**TASK GOAL**
For the records below, count the lines containing the word "color" and reply with the number alone.

**Records excerpted from a collection**
########

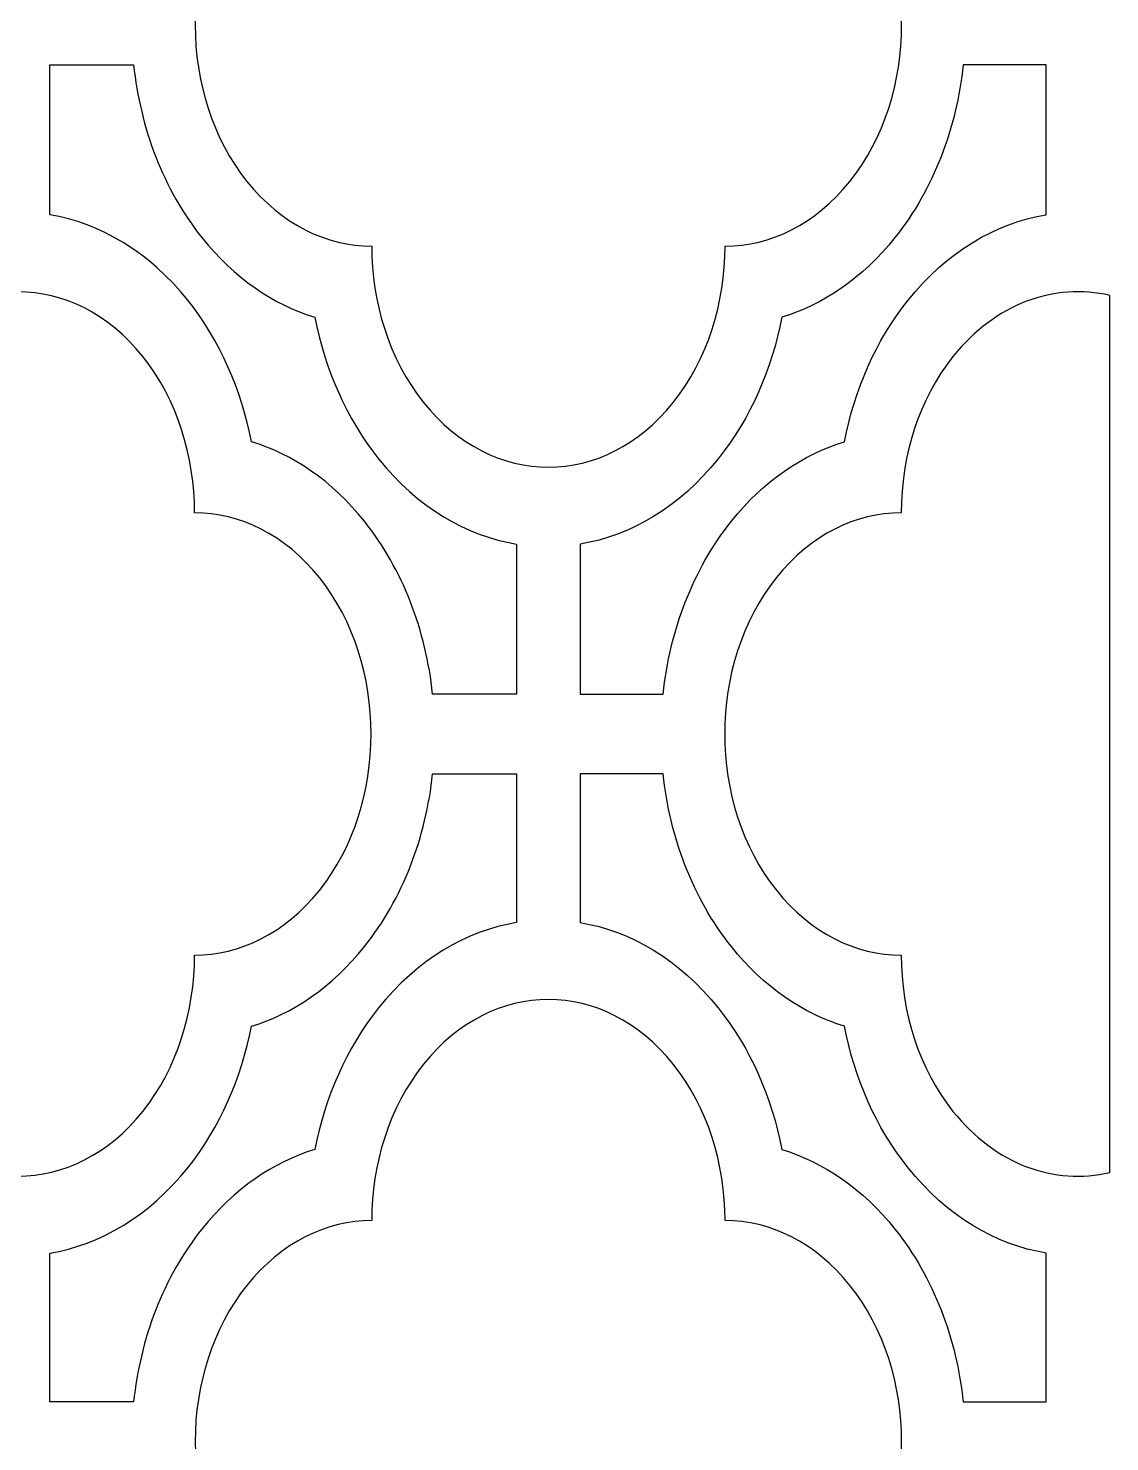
# Model space of a CAD drawing. Header units: centimetres. Extents: x -88 to 88, y -108 to 108.
# Drawn here: x -33.75 to -6.41, y 0 to 35.75 of the extents above; entities that cross this region are included whole.
import ezdxf

# ---------------------------------------------------------------- set-up
doc = ezdxf.new("R2010")
doc.units = ezdxf.units.CM
doc.header["$MEASUREMENT"] = 0
doc.layers.add('layer 1', color=7, linetype='Continuous')

msp = doc.modelspace()

# ---------------------------------------------------------------- linework, layer by layer
at = {"layer": 'layer 1', "color": 114}
for points, knots in [([(-16.13741, 30.23822), (-16.1379, 28.80756), (-16.57387, 27.37709), (-17.44531, 26.28579), (-17.44531, 26.28579), (-19.1892, 24.10194), (-22.01764, 24.10195), (-23.76152, 26.28579), (-23.76152, 26.28579), (-24.63295, 27.37709), (-25.06894, 28.80753), (-25.06943, 30.23822), (-25.06943, 30.23822), (-26.21186, 30.23882), (-27.35415, 30.78479), (-28.22558, 31.87607), (-28.22558, 31.87607), (-29.96946, 34.05992), (-29.96946, 37.60195), (-28.22558, 39.78579), (-28.22558, 39.78579), (-27.3542, 40.87701), (-26.21202, 41.42297), (-25.06965, 41.42365), (-25.06965, 41.42365), (-25.06917, 42.85439), (-24.63317, 44.28493), (-23.76168, 45.37629), (-23.76168, 45.37629), (-22.01771, 47.56024), (-19.18912, 47.56021), (-17.44516, 45.37628), (-17.44516, 45.37628), (-16.57368, 44.28493), (-16.13768, 42.85441), (-16.13719, 41.42367), (-16.13719, 41.42367), (-14.99483, 41.42299), (-13.85264, 40.87701), (-12.98126, 39.78579), (-12.98126, 39.78579), (-11.23737, 37.60195), (-11.23737, 34.05992), (-12.98126, 31.87607), (-12.98126, 31.87607), (-13.85269, 30.78479), (-14.99496, 30.23882), (-16.13741, 30.23822)], [0, 0, 0, 0, 0.07692308, 0.07692308, 0.07692308, 0.07692308, 0.15384615, 0.15384615, 0.15384615, 0.15384615, 0.23076923, 0.23076923, 0.23076923, 0.23076923, 0.30769231, 0.30769231, 0.30769231, 0.30769231, 0.38461538, 0.38461538, 0.38461538, 0.38461538, 0.46153846, 0.46153846, 0.46153846, 0.46153846, 0.53846154, 0.53846154, 0.53846154, 0.53846154, 0.61538462, 0.61538462, 0.61538462, 0.61538462, 0.69230769, 0.69230769, 0.69230769, 0.69230769, 0.76923077, 0.76923077, 0.76923077, 0.76923077, 0.84615385, 0.84615385, 0.84615385, 0.84615385, 1, 1, 1, 1]), ([(-21.40734, 18.90661), (-21.40734, 18.90661), (-21.40734, 19.90816), (-21.40734, 19.90816), (-21.40734, 19.90816), (-21.40734, 19.90816), (-21.40734, 19.9174), (-21.40734, 19.9174), (-21.40734, 19.9174), (-21.40734, 19.9174), (-21.40734, 22.70067), (-21.40734, 22.70067), (-21.40734, 22.70067), (-22.68428, 22.91292), (-23.91766, 23.63329), (-24.89865, 24.86177), (-24.89865, 24.86177), (-25.71603, 25.88537), (-26.25173, 27.12839), (-26.50572, 28.43958), (-26.50572, 28.43958), (-27.55274, 28.75767), (-28.54534, 29.42848), (-29.36271, 30.45207), (-29.36271, 30.45207), (-30.34375, 31.68061), (-30.91901, 33.2252), (-31.08848, 34.82439), (-31.08848, 34.82439), (-31.08848, 34.82439), (-33.2107, 34.82435), (-33.2107, 34.82435), (-33.2107, 34.82435), (-33.2107, 34.82435), (-33.2107, 33.84374), (-33.2107, 33.84374), (-33.2107, 33.84374), (-33.2107, 33.84374), (-33.21071, 31.03003), (-33.21071, 31.03003), (-33.21071, 31.03003), (-31.93374, 30.81777), (-30.70038, 30.09738), (-29.71939, 28.8689), (-29.71939, 28.8689), (-28.90202, 27.84531), (-28.36635, 26.60231), (-28.11235, 25.29115), (-28.11235, 25.29115), (-27.06531, 24.97306), (-26.07271, 24.3022), (-25.25533, 23.2786), (-25.25533, 23.2786), (-24.27435, 22.05013), (-23.6991, 20.50564), (-23.5296, 18.90656), (-23.5296, 18.90656), (-23.5296, 18.90656), (-21.40734, 18.90661), (-21.40734, 18.90661)], [0, 0, 0, 0, 0.0625, 0.0625, 0.0625, 0.0625, 0.125, 0.125, 0.125, 0.125, 0.1875, 0.1875, 0.1875, 0.1875, 0.25, 0.25, 0.25, 0.25, 0.3125, 0.3125, 0.3125, 0.3125, 0.375, 0.375, 0.375, 0.375, 0.4375, 0.4375, 0.4375, 0.4375, 0.5, 0.5, 0.5, 0.5, 0.5625, 0.5625, 0.5625, 0.5625, 0.625, 0.625, 0.625, 0.625, 0.6875, 0.6875, 0.6875, 0.6875, 0.75, 0.75, 0.75, 0.75, 0.8125, 0.8125, 0.8125, 0.8125, 0.875, 0.875, 0.875, 0.875, 1, 1, 1, 1]), ([(-19.79951, 18.90661), (-19.79951, 18.90661), (-19.7995, 19.91855), (-19.7995, 19.91855), (-19.7995, 19.91855), (-19.7995, 19.91855), (-19.7995, 19.92787), (-19.7995, 19.92787), (-19.7995, 19.92787), (-19.7995, 19.92787), (-19.7995, 22.70063), (-19.7995, 22.70063), (-19.7995, 22.70063), (-18.52253, 22.91288), (-17.28918, 23.63328), (-16.30819, 24.86177), (-16.30819, 24.86177), (-15.49082, 25.88535), (-14.95513, 27.12839), (-14.70113, 28.43957), (-14.70113, 28.43957), (-13.6541, 28.75764), (-12.66151, 29.42847), (-11.84413, 30.45206), (-11.84413, 30.45206), (-10.86311, 31.68057), (-10.28785, 33.22516), (-10.11837, 34.82434), (-10.11837, 34.82434), (-10.11837, 34.82434), (-8.02115, 34.82434), (-8.02115, 34.82434), (-8.02115, 34.82434), (-8.02115, 34.82434), (-8.02115, 31.03031), (-8.02115, 31.03031), (-8.02115, 31.03031), (-9.29811, 30.81807), (-10.53147, 30.09766), (-11.51246, 28.86917), (-11.51246, 28.86917), (-12.32982, 27.84559), (-12.86552, 26.60255), (-13.11951, 25.29137), (-13.11951, 25.29137), (-14.16654, 24.9733), (-15.15913, 24.30247), (-15.97652, 23.27888), (-15.97652, 23.27888), (-16.95753, 22.05037), (-17.53279, 20.50578), (-17.70227, 18.9066), (-17.70227, 18.9066), (-17.70227, 18.9066), (-19.79951, 18.90661), (-19.79951, 18.90661)], [0, 0, 0, 0, 0.06666667, 0.06666667, 0.06666667, 0.06666667, 0.13333333, 0.13333333, 0.13333333, 0.13333333, 0.2, 0.2, 0.2, 0.2, 0.26666667, 0.26666667, 0.26666667, 0.26666667, 0.33333333, 0.33333333, 0.33333333, 0.33333333, 0.4, 0.4, 0.4, 0.4, 0.46666667, 0.46666667, 0.46666667, 0.46666667, 0.53333333, 0.53333333, 0.53333333, 0.53333333, 0.6, 0.6, 0.6, 0.6, 0.66666667, 0.66666667, 0.66666667, 0.66666667, 0.73333333, 0.73333333, 0.73333333, 0.73333333, 0.8, 0.8, 0.8, 0.8, 0.86666667, 0.86666667, 0.86666667, 0.86666667, 1, 1, 1, 1]), ([(-29.54861, 12.30701), (-29.5491, 10.87635), (-29.98507, 9.44588), (-30.85651, 8.35459), (-30.85651, 8.35459), (-32.6004, 6.17074), (-35.42885, 6.17075), (-37.17272, 8.35459), (-37.17272, 8.35459), (-38.04416, 9.44588), (-38.48014, 10.87633), (-38.48063, 12.30701), (-38.48063, 12.30701), (-39.62307, 12.30762), (-40.76535, 12.85358), (-41.63679, 13.94487), (-41.63679, 13.94487), (-43.38066, 16.12872), (-43.38066, 19.67075), (-41.63679, 21.85459), (-41.63679, 21.85459), (-40.76541, 22.94581), (-39.62322, 23.49177), (-38.48086, 23.49245), (-38.48086, 23.49245), (-38.48037, 24.92319), (-38.04437, 26.35373), (-37.17288, 27.44509), (-37.17288, 27.44509), (-35.42892, 29.62904), (-32.60033, 29.62901), (-30.85636, 27.44508), (-30.85636, 27.44508), (-29.98488, 26.35373), (-29.54888, 24.92321), (-29.5484, 23.49247), (-29.5484, 23.49247), (-28.40604, 23.49179), (-27.26384, 22.94581), (-26.39246, 21.85459), (-26.39246, 21.85459), (-24.64858, 19.67075), (-24.64858, 16.12872), (-26.39246, 13.94487), (-26.39246, 13.94487), (-27.26389, 12.85358), (-28.40617, 12.30762), (-29.54861, 12.30701)], [0, 0, 0, 0, 0.07692308, 0.07692308, 0.07692308, 0.07692308, 0.15384615, 0.15384615, 0.15384615, 0.15384615, 0.23076923, 0.23076923, 0.23076923, 0.23076923, 0.30769231, 0.30769231, 0.30769231, 0.30769231, 0.38461538, 0.38461538, 0.38461538, 0.38461538, 0.46153846, 0.46153846, 0.46153846, 0.46153846, 0.53846154, 0.53846154, 0.53846154, 0.53846154, 0.61538462, 0.61538462, 0.61538462, 0.61538462, 0.69230769, 0.69230769, 0.69230769, 0.69230769, 0.76923077, 0.76923077, 0.76923077, 0.76923077, 0.84615385, 0.84615385, 0.84615385, 0.84615385, 1, 1, 1, 1]), ([(-6.41334, 28.99224), (-6.41334, 28.99224), (-6.41334, 6.8075), (-6.41334, 6.8075), (-6.41334, 6.8075), (-7.80706, 6.48989), (-9.29821, 7.00561), (-10.37549, 8.35466), (-10.37549, 8.35466), (-11.24696, 9.44601), (-11.68297, 10.87653), (-11.68345, 12.30727), (-11.68345, 12.30727), (-12.82581, 12.30795), (-13.96801, 12.85393), (-14.83939, 13.94515), (-14.83939, 13.94515), (-16.58327, 16.12899), (-16.58327, 19.67102), (-14.83939, 21.85487), (-14.83939, 21.85487), (-13.96795, 22.94616), (-12.82568, 23.49212), (-11.68324, 23.49273), (-11.68324, 23.49273), (-11.68274, 24.92339), (-11.24678, 26.35386), (-10.37533, 27.44515), (-10.37533, 27.44515), (-9.2981, 28.79417), (-7.80699, 29.30986), (-6.41334, 28.99224)], [0, 0, 0, 0, 0.11111111, 0.11111111, 0.11111111, 0.11111111, 0.22222222, 0.22222222, 0.22222222, 0.22222222, 0.33333333, 0.33333333, 0.33333333, 0.33333333, 0.44444444, 0.44444444, 0.44444444, 0.44444444, 0.55555556, 0.55555556, 0.55555556, 0.55555556, 0.66666667, 0.66666667, 0.66666667, 0.66666667, 0.77777778, 0.77777778, 0.77777778, 0.77777778, 1, 1, 1, 1]), ([(-33.2107, 1.00673), (-33.2107, 1.00673), (-31.08846, 1.00672), (-31.08846, 1.00672), (-31.08846, 1.00672), (-30.91899, 2.6059), (-30.34373, 4.15049), (-29.36271, 5.379), (-29.36271, 5.379), (-28.54533, 6.40259), (-27.55273, 7.07342), (-26.50571, 7.39149), (-26.50571, 7.39149), (-26.25171, 8.70267), (-25.71601, 9.94571), (-24.89865, 10.96929), (-24.89865, 10.96929), (-23.91766, 12.19778), (-22.68431, 12.91818), (-21.40734, 13.13043), (-21.40734, 13.13043), (-21.40734, 13.13043), (-21.40734, 16.89314), (-21.40734, 16.89314), (-21.40734, 16.89314), (-21.40734, 16.89314), (-23.52958, 16.89314), (-23.52958, 16.89314), (-23.52958, 16.89314), (-23.69905, 15.29396), (-24.27431, 13.74937), (-25.25533, 12.52086), (-25.25533, 12.52086), (-26.07271, 11.49727), (-27.06531, 10.82644), (-28.11234, 10.50837), (-28.11234, 10.50837), (-28.36633, 9.19719), (-28.90203, 7.95415), (-29.71939, 6.93057), (-29.71939, 6.93057), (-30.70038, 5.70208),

########

**RESULT**
2